The Terminally Ill Adults (End of Life) Bill is currently being considered in Parliament. This bill proposes to legalise assisted dying for terminally ill adults in England and Wales who are mentally competent, have a life expectancy of six months or less and meet specific criteria outlined in the bill.
In late April last year my 91-year-old mother Shirley Conran, the feisty campaigner for women’s rights, author and journalist, was rushed to St Mary’s Hospital in Paddington with pneumonia. She was put in the intensive care unit, hooked up to a myriad tubes and bleeping machines, and put on a course of antibiotics.
Although she was horribly bruised and very tired, the antibiotics started working and after a week she seemed to be getting better. Once again she was able to micromanage my brother, sister-in-law and me, who were taking it in shifts to look after her (at one point she cheerfully observed, “Jasper, you haven’t been this obedient since you were six.”)
One morning when I was sitting with her, she was due a visit from the doctor and in walked a very dashing fellow followed with a retinue of acolytes. He drew the curtain around the bed and announced cheerfully, “Shirley, you are dying. Although the antibiotics have done their job your kidneys are now rapidly failing and there is nothing more we can do for you. Would you like to be taken off life support?”
My mother appeared thrilled with this news and with gallows humour drew her hand across her throat like a knife and said: “Yes.” Not once did the doctor look at me, or engage with me in any way — he only addressed my mother, his patient, which was entirely correct. My mother was clearly under the impression that it would all be over by lunchtime and that was fine by her. Nearly all her friends had gradually died, managing the various illnesses that come with extreme age had worn her out and if that weren’t enough, she was unable to write. What she could not have known at that point was the utterly miserable, torturous days that were in store for her.
A visit from the palace
Almost immediately at this point, doctors and most nurses disappear and the patient and family are left to wait for a palliative team to arrive. Their arrival depends entirely on the state of health of the patient — my mother was not considered quite ill enough for their intervention — and this can take days, during which time the patient, family and friends are left in complete limbo.

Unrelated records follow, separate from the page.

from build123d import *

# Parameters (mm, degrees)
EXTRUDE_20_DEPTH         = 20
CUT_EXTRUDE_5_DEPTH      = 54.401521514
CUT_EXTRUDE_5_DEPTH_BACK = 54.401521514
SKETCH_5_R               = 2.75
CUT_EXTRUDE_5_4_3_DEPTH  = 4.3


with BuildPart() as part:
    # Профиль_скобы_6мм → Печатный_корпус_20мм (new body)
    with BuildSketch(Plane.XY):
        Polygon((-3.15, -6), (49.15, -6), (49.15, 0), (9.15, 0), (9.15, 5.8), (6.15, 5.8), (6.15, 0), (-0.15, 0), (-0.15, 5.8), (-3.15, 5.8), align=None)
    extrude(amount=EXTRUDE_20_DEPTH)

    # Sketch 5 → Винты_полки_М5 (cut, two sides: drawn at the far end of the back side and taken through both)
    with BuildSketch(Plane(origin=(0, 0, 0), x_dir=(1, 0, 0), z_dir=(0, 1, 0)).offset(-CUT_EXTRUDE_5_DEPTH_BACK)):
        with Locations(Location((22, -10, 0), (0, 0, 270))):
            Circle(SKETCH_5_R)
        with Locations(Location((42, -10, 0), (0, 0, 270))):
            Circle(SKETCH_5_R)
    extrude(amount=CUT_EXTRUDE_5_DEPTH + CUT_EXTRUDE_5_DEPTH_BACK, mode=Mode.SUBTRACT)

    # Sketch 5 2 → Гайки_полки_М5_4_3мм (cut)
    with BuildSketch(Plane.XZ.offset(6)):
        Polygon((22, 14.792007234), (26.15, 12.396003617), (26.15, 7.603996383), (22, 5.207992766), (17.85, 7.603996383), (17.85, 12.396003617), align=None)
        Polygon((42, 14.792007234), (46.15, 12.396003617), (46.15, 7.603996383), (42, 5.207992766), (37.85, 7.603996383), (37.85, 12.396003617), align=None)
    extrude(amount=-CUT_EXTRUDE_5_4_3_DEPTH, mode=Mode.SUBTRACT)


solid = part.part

Finally, the palliative team did arrive in the form of two of the kindest people I have ever met and they explained what they would be prescribing. When a person’s kidneys start failing, other organs in the body start shutting down too due to the build-up of waste and excess fluid in the blood. We were told that because of the damage to her kidneys she would be unable to process morphine and would have to have her pain treated by Oxycodone and Fentanyl. And so it was, my mother was being poisoned slowly but surely by the drugs and her body.
My mother had been made a Dame of the British Empire just before she got ill. She clearly was not going to make it to Windsor Castle for her investiture, so we decided to ask the powers that be at the palace if they would come to the hospital. They readily agreed to this and performed in tremendous style. Shiny cars with pendants flying arrived at the hospital and out stepped the Lord-Lieutenant of London Sir Kenneth Olisa in full fig and sword to boot.
What the drugs don’t mask
It would have been wonderful if while she was aware of what was going on the curtain could have gently closed, as she wanted
It was a moving and uplifting experience with my mother’s family, friends and nurses around her, celebrating her numerous extraordinary achievements. It would have been wonderful if while she was still aware of what was going on the curtain could have gently closed, as she wanted. However, it was not to be and in the grindingly long days to follow my mother was forced to endure real misery of a kind that you would not wish to see visited on your worst enemy, let alone a dog.
Although Oxycodone and Fentanyl are very effective pain killers, what they can’t really mask is the extreme discomfort of the body’s crucial functions shutting down. To witness a 91-year-old person writhing, squirming and thrashing around tearing at their clothes for days — seemingly without end and crying out for their mother to come and help them — is beyond any sort of heartbreaking that you can imagine. Unless you have witnessed this for yourself, I doubt that you will be able to comprehend the horror.
By now you will probably have cottoned on to the fact that I am very pro the assisted dying Bill. While I am respectful of those who are against it, I would hope that MPs vote not only with their consciences but also make it their business to sit next to a person who is at the end of life — and is for whatever reason in extreme discomfort, pain or in some cases agony — in order that they fully acquaint themselves with the reality of a miserable death. To stare it in the face and realise that one day, perhaps, this could be inflicted on them too.